• **WHAT TO DO**
Only one stretch of the data below should be repeated: the lines from the line containing "line L4 (-20.5, 13)" through the line containing "3 separate body", inclusive, exactly as they are.

---------- INFORMATION SUPPLIED

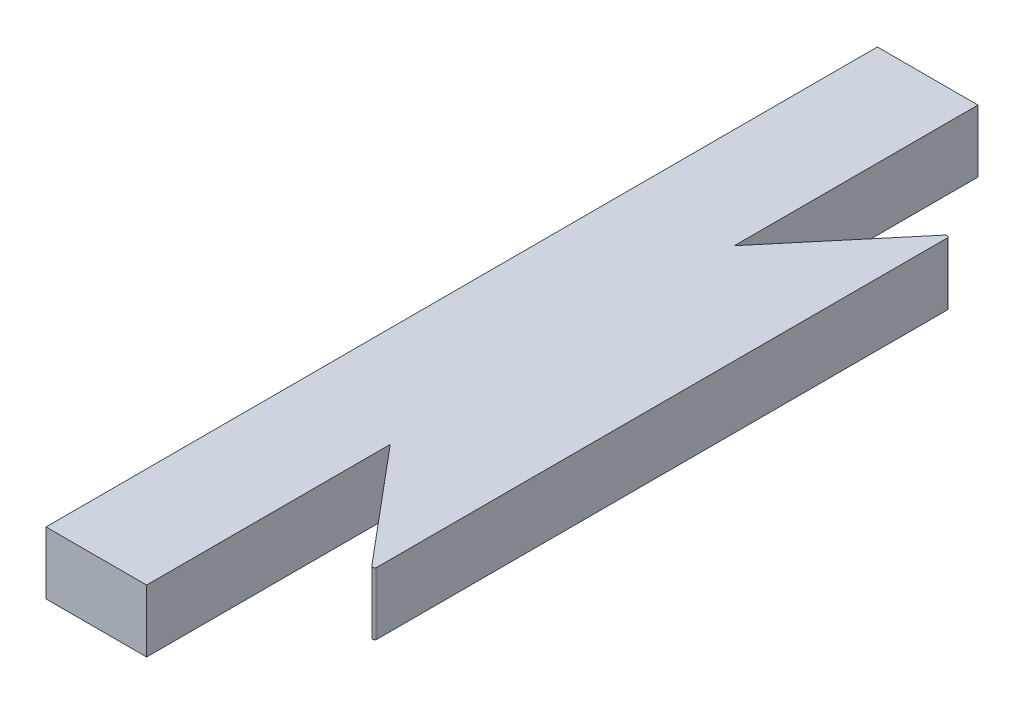
SolidWorks part; units mm, degrees
ref_plane "Alzado" through (0, 0, 0) normal (0, 0, 1) x (1, 0, 0)
ref_plane "Planta" through (0, 0, 0) normal (0, 1, 0) x (1, 0, 0)
ref_plane "Vista lateral" through (0, 0, 0) normal (1, 0, 0) x (0, 0, -1)
sketch "Croquis1" plane through (0, 0, 0) normal (0, 1, 0) x (1, 0, 0)
  line L0 (65, 8.2796) -> (69.8, 14)
  line L1 (-65, -20) -> (65, -20)
  line L2 (-65, -20) -> (-65, 20)
  line L3 (-65, 20) -> (65, 20)
  line L4 (65, -20) -> (65, -8.2796)
  line L5 (-65, -20) -> (65, 20) construction
  line L6 (-65, 20) -> (65, -20) construction
  line L7 (69.8, 14) -> (69.8, -14)
  line L8 (69.8, -14) -> (65, -8.2796)
  line L9 (65, 8.2796) -> (65, 20)
  line L10 (0, 0) -> (77.1384, 0) construction
  line L12 (10, 9.5) -> (40, 9.5)
  line L13 (10, 9.5) -> (10, 12.5)
  line L14 (10, 12.5) -> (40, 12.5)
  line L15 (40, 9.5) -> (40, 12.5)
  line L16 (10, 9.5) -> (40, 12.5) construction
  line L17 (10, 12.5) -> (40, 9.5) construction
  line L18 (10, -12.5) -> (40, -12.5)
  line L19 (10, -12.5) -> (10, -9.5)
  line L20 (10, -9.5) -> (40, -9.5)
  line L21 (40, -12.5) -> (40, -9.5)
  line L22 (10, -12.5) -> (40, -9.5) construction
  line L23 (10, -9.5) -> (40, -12.5) construction
  circle A2 centre (-50.1299, 0) radius 11
  circle A3 centre (-50.1299, 0) radius 12.5 construction
  circle A4 centre (-28.5951, 0) radius 2
  circle A5 centre (-13.5951, 0) radius 2
  circle A6 centre (50, 0) radius 2
  point P0 (0, 0)
  point P8 (69.8, 0)
  point P19 (25, 11)
  point P35 (25, -11)
  dimension "D8" = 22
  dimension "D12" = 25
  dimension "D13" = 4
  dimension "D14" = 4
  dimension "D17" = 4
  dimension "D1" = 130
  dimension "D2" = 4.8
  dimension "D3" = 40
  dimension "D5" = 28
  dimension "D6" = 40
  dimension "D9" = 3
  dimension "D10" = 30
  dimension "D11" = 40
  dimension "D15" = 15
  dimension "D16" = 10
  dimension "D18" = 12.5
  dimension "D19" = 12.5
extrude "Saliente-Extruir1" add sketch "Croquis1" along normal blind 3
sketch "Croquis2" plane through (0, 3, 0) normal (0, 1, 0) x (1, 0, 0)
  circle A0 centre (-50.1299, 0) radius 11
  circle A1 centre (-50.1299, 0) radius 13
  dimension "D1" = 2
extrude "Saliente-Extruir2" add sketch "Croquis2" along normal blind 4
sketch "Croquis3" plane through (0, 7, 0) normal (0, 1, 0) x (1, 0, 0)
  circle A0 centre (-50.1299, 0) radius 13
  circle A1 centre (-50.1299, 0) radius 9
  dimension "D1" = 18
extrude "Saliente-Extruir3" add sketch "Croquis3" along normal blind 2
chamfer "Chaflán1" distance 2 angle 45 1 edges at (-50.1299, 9, 13)
chamfer "Chaflán2" distance 10 angle 45 2 edges at (-65, 1.5, 20) (-65, 1.5, -20)
sketch "Croquis4" plane through (0, 3, 0) normal (0, 1, 0) x (1, 0, 0)
  line L1 (60.1587, 28.398) -> (-68.6747, 28.398)
  line L2 (60.1587, 28.398) -> (60.1587, -29.8358)
  line L3 (60.1587, -29.8358) -> (-68.6747, -29.8358)
  line L4 (-68.6747, 28.398) -> (-68.6747, -29.8358)
extrude "Cortar-Extruir1" cut sketch "Croquis4" against normal blind 10 and the other way blind 10
fillet "Redondeo1" radius 0.1 2 edges at (69.8, 1.5, -14) (69.8, 1.5, 14)
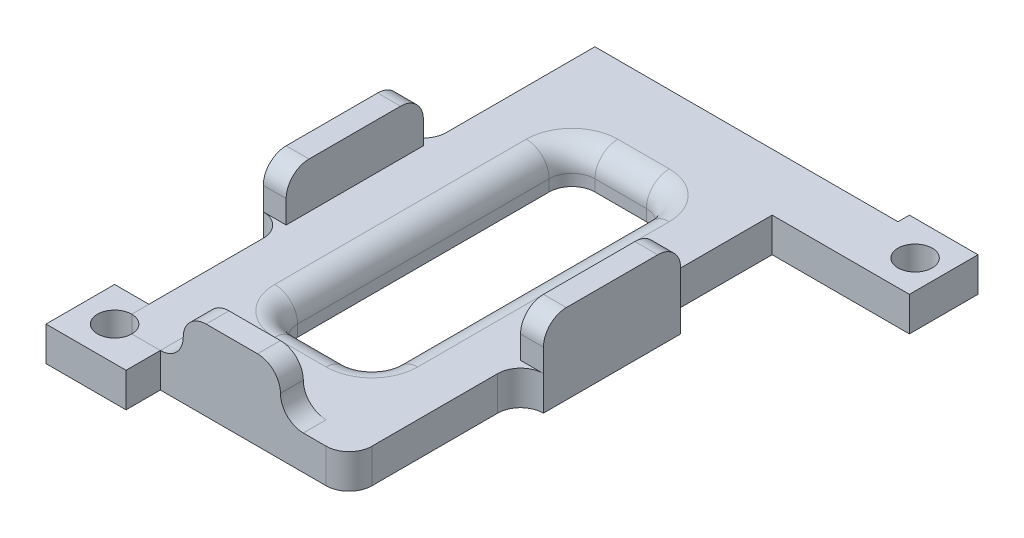
SolidWorks part; units mm, degrees
ref_plane "前视基准面" through (0, 0, 0) normal (0, 0, 1) x (1, 0, 0)
ref_plane "上视基准面" through (0, 0, 0) normal (0, 1, 0) x (1, 0, 0)
ref_plane "右视基准面" through (0, 0, 0) normal (1, 0, 0) x (0, 0, -1)
other "Configuration Table"
sketch "草图1" plane through (0, 0, 0) normal (0, 1, 0) x (1, 0, 0)
  line L1 (0, 0) -> (-20.5, 0)
  line L2 (0, 0) -> (0, 15)
  line L3 (0, 42) -> (-20.5, 42)
  line L4 (-20.5, 0) -> (-20.5, 15)
  line L5 (-20.5, 21) -> (-22.5, 21) construction
  line L7 (-20.5, 27) -> (-22.5, 27)
  line L8 (-22.5, 15) -> (-22.5, 27)
  line L9 (-20.5, 15) -> (-22.5, 15)
  line L10 (0, 15) -> (2, 15)
  line L11 (2, 15) -> (2, 27)
  line L12 (0, 27) -> (2, 27)
  line L13 (-20.5, 27) -> (-20.5, 42)
  line L14 (0, 27) -> (0, 42)
  point P9 (0, 0)
  point P10 (2, 16)
  point P17 (0, 16)
  point P18 (0, 0)
  dimension "D1" = 20.5
  dimension "D2" = 42
  dimension "D3" = 12
  dimension "D4" = 12
  dimension "D5" = 21
  dimension "D6" = 15
  dimension "D7" = 2
  dimension "D8" = 2
  dimension "D9" = 90
  dimension "D10" = 90
extrude "凸台-拉伸1" add sketch "草图1" along normal blind 3
sketch "草图3" plane through (0, 3, 0) normal (0, 1, 0) x (1, 0, 0)
  line L0 (-20.5, 0) -> (0, 0) construction
  line L1 (-14.5, 0) -> (-6, 0)
  line L2 (-14.5, 0) -> (-14.5, 2)
  line L3 (-14.5, 2) -> (-6, 2)
  line L4 (-6, 0) -> (-6, 2)
  line L5 (-20.5, 15) -> (-20.5, 0) construction
  line L6 (0, 0) -> (0, 15) construction
  line L7 (-22.5, 21) -> (-16.3156, 21) construction
  line L8 (-22.5, 27) -> (-22.5, 15) construction
  dimension "D1" = 2
  dimension "D2" = 6
  dimension "D3" = 6
extrude "凸台-拉伸2" add sketch "草图3" along normal blind 4
sketch "草图4" plane through (0, 3, 0) normal (0, 1, 0) x (1, 0, 0)
  line L1 (-22.5, 27) -> (-20.5, 27)
  line L2 (-22.5, 27) -> (-22.5, 15)
  line L3 (-22.5, 15) -> (-20.5, 15)
  line L4 (-20.5, 27) -> (-20.5, 15)
  line L5 (0, 15) -> (2, 15)
  line L6 (0, 15) -> (0, 27)
  line L7 (0, 27) -> (2, 27)
  line L8 (2, 15) -> (2, 27)
extrude "凸台-拉伸3" add sketch "草图4" along normal blind 4
fillet "圆角1" radius 2 6 edges at (-14.5, 7, -1) (-6, 7, -1) (1, 7, -27) (1, 7, -15) (-21.5, 7, -27) (-21.5, 7, -15)
fillet "圆角2" radius 2 1 edges at (0, 1.5, 0)
fillet "圆角3" radius 2 6 edges at (-6, 3, -1) (-14.5, 3, -1) (-20.5, 1.5, -15) (-20.5, 1.5, -27) (0, 1.5, -27) (0, 1.5, -15)
sketch "草图5" plane through (0, 3, 0) normal (0, 1, 0) x (1, 0, 0)
  line L0 (0, 29) -> (0, 42) construction
  line L1 (-14.5, 34) -> (-6, 34)
  line L2 (-14.5, 34) -> (-14.5, 8)
  line L3 (-14.5, 8) -> (-6, 8)
  line L4 (-6, 34) -> (-6, 8)
  line L5 (-20.5, 42) -> (-20.5, 29) construction
  line L6 (0, 42) -> (-20.5, 42) construction
  line L7 (-4, 2) -> (-16.5, 2) construction
  dimension "D1" = 6
  dimension "D2" = 6
  dimension "D3" = 8
  dimension "D4" = 6
extrude "切除-拉伸1" cut sketch "草图5" against normal blind 4
fillet "圆角4" radius 2 8 edges at (-14.5, 3, -21) (-10.25, 3, -8) (-10.25, 3, -34) (-6, 3, -21) (-6, 1.5, -8) (-14.5, 1.5, -8) (-6, 1.5, -34) (-14.5, 1.5, -34)
sketch "草图7" plane through (0, 3, 0) normal (0, 1, 0) x (1, 0, 0)
  line L0 (-16.5, 0) -> (-16.5, -3)
  line L1 (-16.5, -3) -> (-23.5, -3)
  line L2 (-23.5, -3) -> (-23.5, 3)
  line L3 (-23.5, 3) -> (-20.5, 3)
  line L4 (-20.5, 13) -> (-20.5, 0) construction
  line L5 (-20.5, 3) -> (-20.5, 0)
  line L6 (-20.5, 0) -> (-16.5, 0)
  dimension "D1" = 3
  dimension "D2" = 7
  dimension "D3" = 3
extrude "凸台-拉伸4" add sketch "草图7" against normal blind 3 separate body
sketch "草图9" plane through (0, 0, 0) normal (1, 0, 0) x (0, 0, -1)
  line L0 (29, 3) -> (42, 3) construction
  line L1 (42, 0) -> (37, 0)
  line L2 (42, 0) -> (42, 3)
  line L3 (42, 3) -> (37, 3)
  line L4 (37, 0) -> (37, 3)
  dimension "D1" = 5
extrude "凸台-拉伸5" add sketch "草图9" along normal blind 12
sketch "草图8" plane through (0, 3, 0) normal (0, 1, 0) x (1, 0, 0)
  line L0 (-20.5, 0) -> (9.5, 0) construction
  line L1 (9.5, 0) -> (9.5, 40) construction
  circle A0 centre (-20.5, 0) radius 1.5
  circle A1 centre (9.5, 40) radius 1.5
  dimension "D1" = 3
  dimension "D4" = 3
  dimension "D2" = 30
  dimension "D3" = 40
extrude "切除-拉伸2" cut sketch "草图8" against normal blind 12
sketch "草图10" plane through (0, 0, -42) normal (0, 0, -1) x (-1, 0, 0)
  line L0 (-12, 0) -> (20.5, 0) construction
  line L1 (-12, 3) -> (-6, 3)
  line L2 (-12, 3) -> (-12, 0)
  line L3 (-12, 0) -> (-6, 0)
  line L4 (-6, 3) -> (-6, 0)
  dimension "D1" = 6
extrude "凸台-拉伸6" add sketch "草图10" along normal blind 1

--------------------

• **RESPONSE TO THE EXERCISE**
  line L4 (-20.5, 13) -> (-20.5, 0) construction
  line L5 (-20.5, 3) -> (-20.5, 0)
  line L6 (-20.5, 0) -> (-16.5, 0)
  dimension "D1" = 3
  dimension "D2" = 7
  dimension "D3" = 3
extrude "凸台-拉伸4" add sketch "草图7" against normal blind 3 separate body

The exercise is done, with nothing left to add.